Transcribe the stretch of entries below from the line with "#79=EDGE_CURVE('E62',#39,#78,#76,.F.);" through the line with "#113=ADVANCED_FACE('F69',(#112),#94,.F.);", exactly and with both ends included; leave out all other lines.

##### WORKING DATA #####

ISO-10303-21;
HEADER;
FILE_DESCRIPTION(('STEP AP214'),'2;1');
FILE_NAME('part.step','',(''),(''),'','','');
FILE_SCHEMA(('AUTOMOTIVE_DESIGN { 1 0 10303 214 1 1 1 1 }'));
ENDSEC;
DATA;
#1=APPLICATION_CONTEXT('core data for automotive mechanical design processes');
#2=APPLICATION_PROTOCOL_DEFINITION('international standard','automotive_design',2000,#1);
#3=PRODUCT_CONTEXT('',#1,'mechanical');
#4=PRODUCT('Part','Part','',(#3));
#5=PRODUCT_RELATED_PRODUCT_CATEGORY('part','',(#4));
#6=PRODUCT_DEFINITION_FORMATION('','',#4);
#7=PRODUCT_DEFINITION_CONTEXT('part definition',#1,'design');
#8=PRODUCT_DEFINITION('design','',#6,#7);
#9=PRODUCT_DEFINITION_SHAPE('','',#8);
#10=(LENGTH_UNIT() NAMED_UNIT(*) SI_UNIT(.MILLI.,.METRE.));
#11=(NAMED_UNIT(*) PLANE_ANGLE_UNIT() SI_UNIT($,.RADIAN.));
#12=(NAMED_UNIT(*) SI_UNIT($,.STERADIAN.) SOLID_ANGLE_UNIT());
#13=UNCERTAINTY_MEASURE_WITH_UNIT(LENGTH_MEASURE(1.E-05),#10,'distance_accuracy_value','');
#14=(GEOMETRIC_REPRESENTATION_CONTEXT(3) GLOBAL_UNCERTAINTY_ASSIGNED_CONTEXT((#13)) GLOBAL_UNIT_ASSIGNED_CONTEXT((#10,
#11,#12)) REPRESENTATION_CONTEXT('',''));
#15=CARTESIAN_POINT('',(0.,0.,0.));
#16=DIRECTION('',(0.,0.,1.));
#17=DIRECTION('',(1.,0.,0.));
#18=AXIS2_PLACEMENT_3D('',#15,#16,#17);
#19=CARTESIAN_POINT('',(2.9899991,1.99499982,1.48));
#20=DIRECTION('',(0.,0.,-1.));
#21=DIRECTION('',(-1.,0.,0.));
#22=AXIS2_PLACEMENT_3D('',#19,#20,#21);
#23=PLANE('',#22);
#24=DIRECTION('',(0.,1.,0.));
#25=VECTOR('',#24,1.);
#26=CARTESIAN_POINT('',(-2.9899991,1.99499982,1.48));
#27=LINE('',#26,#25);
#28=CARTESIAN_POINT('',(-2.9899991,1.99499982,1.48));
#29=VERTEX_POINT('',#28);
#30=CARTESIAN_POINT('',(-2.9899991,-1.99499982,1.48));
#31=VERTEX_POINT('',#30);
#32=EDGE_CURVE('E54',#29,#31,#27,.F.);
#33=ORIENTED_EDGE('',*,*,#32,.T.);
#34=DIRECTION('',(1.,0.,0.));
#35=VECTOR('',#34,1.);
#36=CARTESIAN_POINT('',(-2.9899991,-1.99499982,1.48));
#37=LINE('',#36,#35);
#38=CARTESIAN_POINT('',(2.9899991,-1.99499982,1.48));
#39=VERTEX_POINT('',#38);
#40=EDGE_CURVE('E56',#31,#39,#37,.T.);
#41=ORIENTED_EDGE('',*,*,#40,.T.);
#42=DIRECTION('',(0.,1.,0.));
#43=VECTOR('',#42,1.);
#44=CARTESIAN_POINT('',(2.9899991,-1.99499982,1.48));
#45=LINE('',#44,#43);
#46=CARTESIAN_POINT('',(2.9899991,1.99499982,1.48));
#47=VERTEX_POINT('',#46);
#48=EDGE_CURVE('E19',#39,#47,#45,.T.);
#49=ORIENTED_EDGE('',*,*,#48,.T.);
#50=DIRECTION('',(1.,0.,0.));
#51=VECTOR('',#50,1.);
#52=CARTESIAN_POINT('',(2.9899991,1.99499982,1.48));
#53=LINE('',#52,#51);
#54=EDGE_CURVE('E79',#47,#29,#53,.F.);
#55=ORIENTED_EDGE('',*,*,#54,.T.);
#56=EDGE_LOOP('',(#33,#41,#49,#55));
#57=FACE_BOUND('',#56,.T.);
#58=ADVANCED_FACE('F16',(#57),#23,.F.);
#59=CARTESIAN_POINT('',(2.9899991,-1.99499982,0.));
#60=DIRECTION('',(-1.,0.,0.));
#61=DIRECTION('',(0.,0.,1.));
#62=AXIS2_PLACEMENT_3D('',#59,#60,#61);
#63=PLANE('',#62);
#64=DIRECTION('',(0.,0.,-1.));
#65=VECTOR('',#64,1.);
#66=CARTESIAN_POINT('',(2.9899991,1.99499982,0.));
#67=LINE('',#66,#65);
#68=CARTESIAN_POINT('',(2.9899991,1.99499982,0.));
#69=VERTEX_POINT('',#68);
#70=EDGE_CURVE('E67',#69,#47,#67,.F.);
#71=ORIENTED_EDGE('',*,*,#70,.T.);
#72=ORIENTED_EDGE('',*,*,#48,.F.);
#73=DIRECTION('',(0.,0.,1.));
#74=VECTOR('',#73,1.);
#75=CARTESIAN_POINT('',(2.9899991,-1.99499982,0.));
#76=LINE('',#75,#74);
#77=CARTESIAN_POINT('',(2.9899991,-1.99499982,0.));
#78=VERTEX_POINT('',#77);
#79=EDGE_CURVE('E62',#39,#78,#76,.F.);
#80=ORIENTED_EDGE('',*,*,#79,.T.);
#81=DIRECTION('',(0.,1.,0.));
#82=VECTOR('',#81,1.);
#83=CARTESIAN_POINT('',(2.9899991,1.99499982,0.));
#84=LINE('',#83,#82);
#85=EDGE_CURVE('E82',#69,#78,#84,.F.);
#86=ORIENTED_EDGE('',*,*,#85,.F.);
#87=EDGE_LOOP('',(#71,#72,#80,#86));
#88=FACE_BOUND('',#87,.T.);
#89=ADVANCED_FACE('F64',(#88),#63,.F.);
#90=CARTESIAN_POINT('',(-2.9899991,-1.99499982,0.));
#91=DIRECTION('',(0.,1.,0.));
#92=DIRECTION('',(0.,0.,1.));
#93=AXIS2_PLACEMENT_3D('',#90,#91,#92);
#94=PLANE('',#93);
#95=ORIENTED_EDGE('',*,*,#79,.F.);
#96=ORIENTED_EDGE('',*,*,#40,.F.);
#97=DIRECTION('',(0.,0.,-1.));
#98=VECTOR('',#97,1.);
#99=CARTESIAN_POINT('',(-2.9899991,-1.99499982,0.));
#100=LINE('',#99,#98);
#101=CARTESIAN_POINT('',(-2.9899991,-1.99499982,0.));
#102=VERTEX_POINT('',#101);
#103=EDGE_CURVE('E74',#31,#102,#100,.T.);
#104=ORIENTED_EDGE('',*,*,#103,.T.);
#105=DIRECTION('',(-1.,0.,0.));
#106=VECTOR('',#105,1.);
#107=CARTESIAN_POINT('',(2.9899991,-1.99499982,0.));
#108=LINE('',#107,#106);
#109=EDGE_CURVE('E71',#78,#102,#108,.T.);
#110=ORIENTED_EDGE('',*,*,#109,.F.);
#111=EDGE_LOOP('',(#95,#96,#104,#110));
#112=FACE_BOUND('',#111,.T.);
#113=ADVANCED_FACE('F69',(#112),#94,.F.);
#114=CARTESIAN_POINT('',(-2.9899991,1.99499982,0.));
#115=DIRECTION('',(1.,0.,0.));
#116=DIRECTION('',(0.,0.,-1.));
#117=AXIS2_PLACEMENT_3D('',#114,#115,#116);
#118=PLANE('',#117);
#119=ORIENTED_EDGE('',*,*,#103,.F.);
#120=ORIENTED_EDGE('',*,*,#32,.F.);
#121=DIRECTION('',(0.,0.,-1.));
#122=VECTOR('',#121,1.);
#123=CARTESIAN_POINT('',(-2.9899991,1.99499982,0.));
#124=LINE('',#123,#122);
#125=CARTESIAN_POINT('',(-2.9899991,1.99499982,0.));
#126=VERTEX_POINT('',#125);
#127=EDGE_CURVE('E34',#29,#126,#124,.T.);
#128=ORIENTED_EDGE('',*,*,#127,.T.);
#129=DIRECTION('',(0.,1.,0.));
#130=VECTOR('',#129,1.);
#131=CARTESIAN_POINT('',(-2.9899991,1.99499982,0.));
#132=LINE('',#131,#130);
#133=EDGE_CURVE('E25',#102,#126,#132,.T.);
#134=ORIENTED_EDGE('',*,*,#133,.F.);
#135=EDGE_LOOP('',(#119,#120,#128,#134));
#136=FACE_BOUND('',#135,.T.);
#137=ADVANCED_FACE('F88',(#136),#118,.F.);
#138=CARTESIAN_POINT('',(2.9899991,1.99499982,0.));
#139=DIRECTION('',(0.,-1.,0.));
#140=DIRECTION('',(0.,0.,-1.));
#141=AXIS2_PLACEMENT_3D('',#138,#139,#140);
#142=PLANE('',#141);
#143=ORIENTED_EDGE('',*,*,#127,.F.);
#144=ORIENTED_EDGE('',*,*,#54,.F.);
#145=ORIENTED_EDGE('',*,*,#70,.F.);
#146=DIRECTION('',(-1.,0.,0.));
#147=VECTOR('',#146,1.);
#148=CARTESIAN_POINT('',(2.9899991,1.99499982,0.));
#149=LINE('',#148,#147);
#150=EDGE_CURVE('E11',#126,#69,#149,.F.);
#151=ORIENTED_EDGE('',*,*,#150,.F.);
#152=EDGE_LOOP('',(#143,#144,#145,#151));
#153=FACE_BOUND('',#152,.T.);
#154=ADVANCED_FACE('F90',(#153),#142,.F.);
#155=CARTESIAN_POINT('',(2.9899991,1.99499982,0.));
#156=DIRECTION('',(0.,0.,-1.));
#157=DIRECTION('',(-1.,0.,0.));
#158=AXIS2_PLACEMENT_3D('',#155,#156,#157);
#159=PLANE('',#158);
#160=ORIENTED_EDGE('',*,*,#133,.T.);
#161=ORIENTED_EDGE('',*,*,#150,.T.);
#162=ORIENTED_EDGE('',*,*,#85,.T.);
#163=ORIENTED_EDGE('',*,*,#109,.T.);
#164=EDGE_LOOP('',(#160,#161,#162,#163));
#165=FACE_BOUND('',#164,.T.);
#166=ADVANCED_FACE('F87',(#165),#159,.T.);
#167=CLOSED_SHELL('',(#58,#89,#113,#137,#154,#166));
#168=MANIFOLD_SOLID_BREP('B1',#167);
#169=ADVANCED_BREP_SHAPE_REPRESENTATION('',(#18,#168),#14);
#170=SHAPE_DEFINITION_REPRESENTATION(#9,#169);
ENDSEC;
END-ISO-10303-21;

#####

→ SOLUTION TO THIS PROBLEM:
#79=EDGE_CURVE('E62',#39,#78,#76,.F.);
#80=ORIENTED_EDGE('',*,*,#79,.T.);
#81=DIRECTION('',(0.,1.,0.));
#82=VECTOR('',#81,1.);
#83=CARTESIAN_POINT('',(2.9899991,1.99499982,0.));
#84=LINE('',#83,#82);
#85=EDGE_CURVE('E82',#69,#78,#84,.F.);
#86=ORIENTED_EDGE('',*,*,#85,.F.);
#87=EDGE_LOOP('',(#71,#72,#80,#86));
#88=FACE_BOUND('',#87,.T.);
#89=ADVANCED_FACE('F64',(#88),#63,.F.);
#90=CARTESIAN_POINT('',(-2.9899991,-1.99499982,0.));
#91=DIRECTION('',(0.,1.,0.));
#92=DIRECTION('',(0.,0.,1.));
#93=AXIS2_PLACEMENT_3D('',#90,#91,#92);
#94=PLANE('',#93);
#95=ORIENTED_EDGE('',*,*,#79,.F.);
#96=ORIENTED_EDGE('',*,*,#40,.F.);
#97=DIRECTION('',(0.,0.,-1.));
#98=VECTOR('',#97,1.);
#99=CARTESIAN_POINT('',(-2.9899991,-1.99499982,0.));
#100=LINE('',#99,#98);
#101=CARTESIAN_POINT('',(-2.9899991,-1.99499982,0.));
#102=VERTEX_POINT('',#101);
#103=EDGE_CURVE('E74',#31,#102,#100,.T.);
#104=ORIENTED_EDGE('',*,*,#103,.T.);
#105=DIRECTION('',(-1.,0.,0.));
#106=VECTOR('',#105,1.);
#107=CARTESIAN_POINT('',(2.9899991,-1.99499982,0.));
#108=LINE('',#107,#106);
#109=EDGE_CURVE('E71',#78,#102,#108,.T.);
#110=ORIENTED_EDGE('',*,*,#109,.F.);
#111=EDGE_LOOP('',(#95,#96,#104,#110));
#112=FACE_BOUND('',#111,.T.);
#113=ADVANCED_FACE('F69',(#112),#94,.F.);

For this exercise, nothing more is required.